● **EXERCISE DESCRIPTION**
Write out the stretch of lines below that begins at the line with "LPF slip L : TransferFcn" and ends at the line with "kph to m/s : Gain", including both, exactly as given and nothing more.

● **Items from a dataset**
☆ ☆ ☆ ☆ ☆

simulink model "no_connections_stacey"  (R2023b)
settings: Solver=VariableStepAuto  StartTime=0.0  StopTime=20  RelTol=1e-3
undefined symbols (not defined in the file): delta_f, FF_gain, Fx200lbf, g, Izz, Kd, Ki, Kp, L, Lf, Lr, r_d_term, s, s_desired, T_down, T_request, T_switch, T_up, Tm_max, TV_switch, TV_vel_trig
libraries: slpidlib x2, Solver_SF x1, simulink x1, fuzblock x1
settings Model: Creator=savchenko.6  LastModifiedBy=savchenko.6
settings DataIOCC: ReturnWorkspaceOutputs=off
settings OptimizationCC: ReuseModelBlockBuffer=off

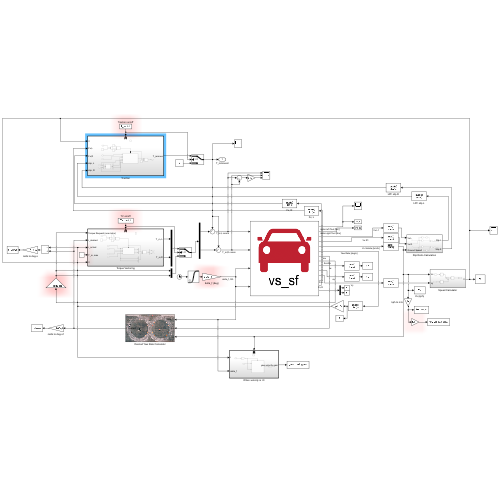
[thumbnail: Simulink's stored preview of the top-level diagram]
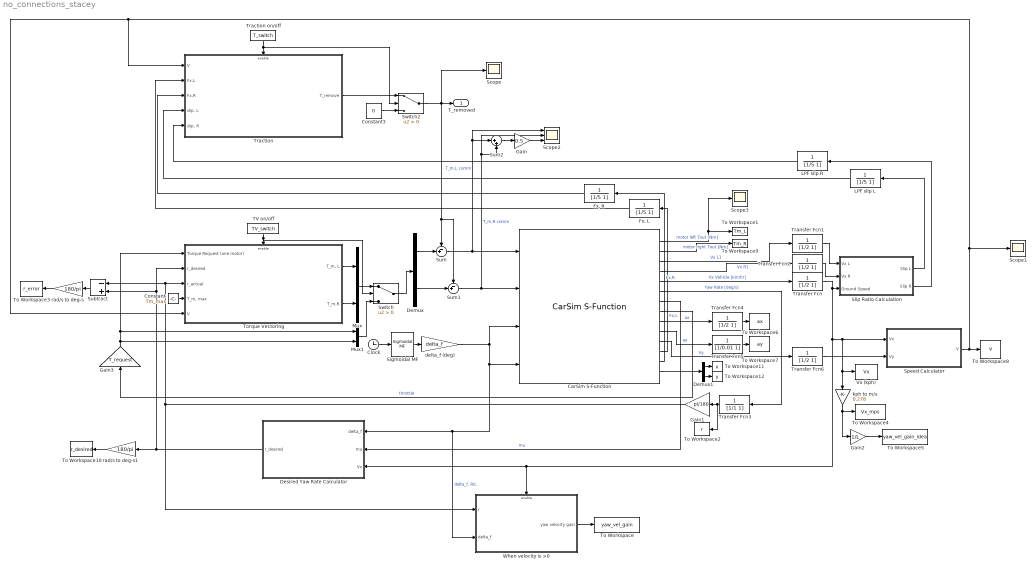
== system no_connections_stacey ==
  CarSim S-Function : Solver_SF/CarSim S-Function  Priority=1  SIMFILE=simfile.sim  Run_RTs=off  vs_state_ind=Run  StopMode_ind=Vehicle Model
  Clock : Clock
  Constant : Constant  Value=Tm_max
  Constant3 : Constant  Value=0
  Demux : Demux  Outputs=2
  Demux1 : Demux  Outputs=2
  Desired Yaw Rate Calculator : Subsystem
      mask Display: image('\\coeit.osu.edu\home\s\savchenko.6\Desktop\Capstone\Post-Depression\FB2018_Skidpad.png'); % Use "Edit Image" on toolstrip to change.
  "Fx, L" : TransferFcn  Denominator=[1/5 1]
  "Fx, R" : TransferFcn  Denominator=[1/5 1]
  Gain : Gain  Gain=0.5
  Gain1 : Gain  Gain=pi/180
  Gain2 : Gain  Gain=1/L
  Gain3 : Gain  Gain=T_request
  LPF slip L : TransferFcn  Denominator=[1/5 1]
  LPF slip R : TransferFcn  Denominator=[1/5 1]
  Mux : Mux  Inputs=2
  Mux1 : Mux  Inputs=2
  Scope : Scope
  Scope1 : Scope
  Scope2 : Scope  NumInputPorts=3
  Scope3 : Scope
  Sigmoidal MF : fuzblock/Membership  Functions/Sigmoidal MF  a=10  c=0.5
  Slip Ratio Calculation : Subsystem
  Speed Calculator : Subsystem
  Subtract : Sum  Inputs=-+
  Sum : Sum  Inputs=-+|
  Sum1 : Sum  Inputs=-+|
  Sum2 : Sum  Inputs=|++
  Switch : Switch  Criteria=u2 > Threshold  SaturateOnIntegerOverflow=off  InputSameDT=off
  Switch2 : Switch  Criteria=u2 > Threshold  SaturateOnIntegerOverflow=off  InputSameDT=off
  TV on/off : Constant  Value=TV_switch
  To Workspace : ToWorkspace  VariableName=yaw_vel_gain  SampleTime=-1
  To Workspace1 : ToWorkspace  VariableName=Tm_L  SampleTime=-1
  To Workspace10 : ToWorkspace  VariableName=r_desired  SampleTime=-1
  To Workspace11 : ToWorkspace  VariableName=x  SampleTime=-1
  To Workspace12 : ToWorkspace  VariableName=y  SampleTime=-1
  To Workspace2 : ToWorkspace  VariableName=r  SampleTime=-1
  To Workspace3 : ToWorkspace  VariableName=r_error  SampleTime=-1
  To Workspace4 : ToWorkspace  VariableName=Vx_mps  SampleTime=-1
  To Workspace5 : ToWorkspace  VariableName=yaw_vel_gain_ideal  SampleTime=-1
  To Workspace6 : ToWorkspace  VariableName=ax  SampleTime=-1
  To Workspace7 : ToWorkspace  VariableName=ay  SampleTime=-1
  To Workspace8 : ToWorkspace  VariableName=V  SampleTime=-1
  To Workspace9 : ToWorkspace  VariableName=Tm_R  SampleTime=-1
  Torque Vectoring : Subsystem  TreatAsAtomicUnit=on
  Traction : Subsystem  TreatAsAtomicUnit=on
  Traction on/off : Constant  Value=T_switch
  Transfer Fcn{,1..2,4,6} (5 alike) : TransferFcn  Denominator=[1/2 1]
  Transfer Fcn3 : TransferFcn  Denominator=[1/1 1]
  Transfer Fcn5 : TransferFcn  Denominator=[1/0.01 1]
  Vx (kph) : ToWorkspace  VariableName=Vx  SampleTime=-1
  When velocity is >0 : Subsystem  TreatAsAtomicUnit=on
  delta_f (deg) : Gain  Gain=delta_f
  kph to m/s : Gain  Gain=0.278
  rad/s to deg-s : Gain  Gain=180/pi
  rad/s to deg-s1 : Gain  Gain=180/pi
  T_removed : Outport
  wires:
  CarSim S-Function/5 -> Transfer Fcn/1  "Vx Vehicle [km/hr]"
  CarSim S-Function/6 -> Transfer Fcn3/1  "Yaw Rate [deg/s]"
  CarSim S-Function/7 -> Desired Yaw Rate Calculator/2(mu)  "mu"
  CarSim S-Function/3 -> Transfer Fcn1/1  "Vx L1"
  CarSim S-Function/4 -> Transfer Fcn2/1  "Vx R1"
  Slip Ratio Calculation/1(Slip L) -> LPF slip L/1
  Transfer Fcn/1 -> Speed Calculator/1(Vx), kph to m/s/1, Vx (kph)/1, Desired Yaw Rate Calculator/3(Vx), When velocity is >0/Enable, Slip Ratio Calculation/3(Ground Speed)
  Transfer Fcn1/1 -> Slip Ratio Calculation/1(Vx L)
  Transfer Fcn2/1 -> Slip Ratio Calculation/2(Vx R)
  TV on/off/1 -> Switch/2, Torque Vectoring/Enable
  Constant/1 -> Torque Vectoring/4("T_m, max")
  Torque Vectoring/2(T_m,R) -> Mux/2
  Torque Vectoring/1("T_m, L") -> Mux/1
  Mux/1 -> Switch/1
  Switch/1 -> Demux/1
  Mux1/1 -> Switch/3
  CarSim S-Function/8 -> Gain3/1  "throttle"
  When velocity is >0/1(yaw velocity gain) -> To Workspace/1
  Gain2/1 -> To Workspace5/1
  kph to m/s/1 -> Gain2/1, To Workspace4/1
  Subtract/1 -> rad/s to deg-s/1
  Gain3/1 -> Mux1/2, Mux1/1, Torque Vectoring/1(Torque Request (one motor))
  Traction/1(T_remove) -> Switch2/1
  Constant3/1 -> Switch2/3
  Traction on/off/1 -> Switch2/2, Traction/Enable
  Demux/2 -> Sum1/2
  Demux/1 -> Sum/2
  Switch2/1 -> Scope/1, Sum/1, Sum1/1, T_removed/1
  Sum1/1 -> Sum2/2, Scope2/2, CarSim S-Function/2  "T_m,R comm"
  Sum/1 -> Sum2/1, Scope2/1, CarSim S-Function/1  "T_m,L comm"
  CarSim S-Function/9 -> Transfer Fcn4/1  "ax"
  CarSim S-Function/10 -> Transfer Fcn5/1  "ay"
  Slip Ratio Calculation/2(Slip R) -> LPF slip R/1
  LPF slip L/1 -> Traction/4("slip, L")
  LPF slip R/1 -> Traction/5("slip, R")
  Gain1/1 -> When velocity is >0/1(r), Torque Vectoring/3(r_actual), Subtract/1
  Desired Yaw Rate Calculator/1(r_desired) -> rad/s to deg-s1/1, Torque Vectoring/2(r_desired), Subtract/2
  rad/s to deg-s/1 -> To Workspace3/1
  CarSim S-Function/11 -> Transfer Fcn6/1  "Vy"
  Transfer Fcn6/1 -> Speed Calculator/2(Vy)
  Speed Calculator/1(V) -> To Workspace8/1, Scope1/1, Torque Vectoring/5(V), Traction/1(V)
  CarSim S-Function/12 -> "Fx, L"/1  "Fx,L"
  CarSim S-Function/13 -> "Fx, R"/1  "Fx,R"
  Transfer Fcn4/1 -> To Workspace6/1
  Transfer Fcn5/1 -> To Workspace7/1
  CarSim S-Function/2 -> To Workspace9/1  "motor right Tout [Nm]"
  CarSim S-Function/1 -> Scope3/1, To Workspace1/1  "motor left Tout [Nm]"
  "Fx, R"/1 -> Traction/3(Fx,R)
  "Fx, L"/1 -> Traction/2(Fx,L)
  Transfer Fcn3/1 -> To Workspace2/1, Gain1/1
  rad/s to deg-s1/1 -> To Workspace10/1
  CarSim S-Function/14 -> Demux1/1
  Demux1/1 -> To Workspace11/1
  Demux1/2 -> To Workspace12/1
  delta_f (deg)/1 -> CarSim S-Function/3, When velocity is >0/2(delta_f), Desired Yaw Rate Calculator/1("delta_f "), CarSim S-Function/4  "delta_f, R/L"
  Sigmoidal MF/1 -> delta_f (deg)/1
  Clock/1 -> Sigmoidal MF/1
  Sum2/1 -> Gain/1
  Gain/1 -> Scope2/3

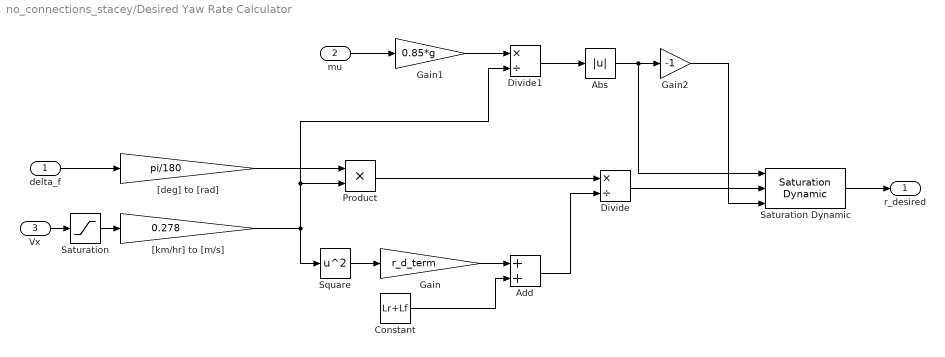
== system no_connections_stacey/Desired Yaw Rate Calculator ==
  "delta_f " : Inport
  mu : Inport  Port=2
  Vx : Inport  Port=3
  Abs : Abs  SaturateOnIntegerOverflow=off
  Add : Sum
  Constant : Constant  Value=Lr+Lf
  Divide : Product  Inputs=*/
  Divide1 : Product  Inputs=*/
  Gain : Gain  Gain=r_d_term
  Gain1 : Gain  Gain=0.85*g
  Gain2 : Gain  Gain=-1
  Product : Product
  Saturation : Saturate  UpperLimit=10000  LowerLimit=0.01
  Saturation Dynamic : simulink/Discontinuities/Saturation Dynamic  OutMin=[]  OutMax=[]  OutDataTypeStr=Inherit: Same as second input  OutDataType=fixdt(1, 16)  OutScaling=2^-10  DoSatur=off
  Square : Math  Operator=square
  "[deg] to [rad]" : Gain  Gain=pi/180
  "[km/hr] to [m/s]" : Gain  Gain=0.278
  r_desired : Outport
  wires:
  "delta_f "/1 -> "[deg] to [rad]"/1
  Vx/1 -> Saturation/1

☆ ☆ ☆ ☆ ☆

● **TASK OUTPUT**
  LPF slip L : TransferFcn  Denominator=[1/5 1]
  LPF slip R : TransferFcn  Denominator=[1/5 1]
  Mux : Mux  Inputs=2
  Mux1 : Mux  Inputs=2
  Scope : Scope
  Scope1 : Scope
  Scope2 : Scope  NumInputPorts=3
  Scope3 : Scope
  Sigmoidal MF : fuzblock/Membership  Functions/Sigmoidal MF  a=10  c=0.5
  Slip Ratio Calculation : Subsystem
  Speed Calculator : Subsystem
  Subtract : Sum  Inputs=-+
  Sum : Sum  Inputs=-+|
  Sum1 : Sum  Inputs=-+|
  Sum2 : Sum  Inputs=|++
  Switch : Switch  Criteria=u2 > Threshold  SaturateOnIntegerOverflow=off  InputSameDT=off
  Switch2 : Switch  Criteria=u2 > Threshold  SaturateOnIntegerOverflow=off  InputSameDT=off
  TV on/off : Constant  Value=TV_switch
  To Workspace : ToWorkspace  VariableName=yaw_vel_gain  SampleTime=-1
  To Workspace1 : ToWorkspace  VariableName=Tm_L  SampleTime=-1
  To Workspace10 : ToWorkspace  VariableName=r_desired  SampleTime=-1
  To Workspace11 : ToWorkspace  VariableName=x  SampleTime=-1
  To Workspace12 : ToWorkspace  VariableName=y  SampleTime=-1
  To Workspace2 : ToWorkspace  VariableName=r  SampleTime=-1
  To Workspace3 : ToWorkspace  VariableName=r_error  SampleTime=-1
  To Workspace4 : ToWorkspace  VariableName=Vx_mps  SampleTime=-1
  To Workspace5 : ToWorkspace  VariableName=yaw_vel_gain_ideal  SampleTime=-1
  To Workspace6 : ToWorkspace  VariableName=ax  SampleTime=-1
  To Workspace7 : ToWorkspace  VariableName=ay  SampleTime=-1
  To Workspace8 : ToWorkspace  VariableName=V  SampleTime=-1
  To Workspace9 : ToWorkspace  VariableName=Tm_R  SampleTime=-1
  Torque Vectoring : Subsystem  TreatAsAtomicUnit=on
  Traction : Subsystem  TreatAsAtomicUnit=on
  Traction on/off : Constant  Value=T_switch
  Transfer Fcn{,1..2,4,6} (5 alike) : TransferFcn  Denominator=[1/2 1]
  Transfer Fcn3 : TransferFcn  Denominator=[1/1 1]
  Transfer Fcn5 : TransferFcn  Denominator=[1/0.01 1]
  Vx (kph) : ToWorkspace  VariableName=Vx  SampleTime=-1
  When velocity is >0 : Subsystem  TreatAsAtomicUnit=on
  delta_f (deg) : Gain  Gain=delta_f
  kph to m/s : Gain  Gain=0.278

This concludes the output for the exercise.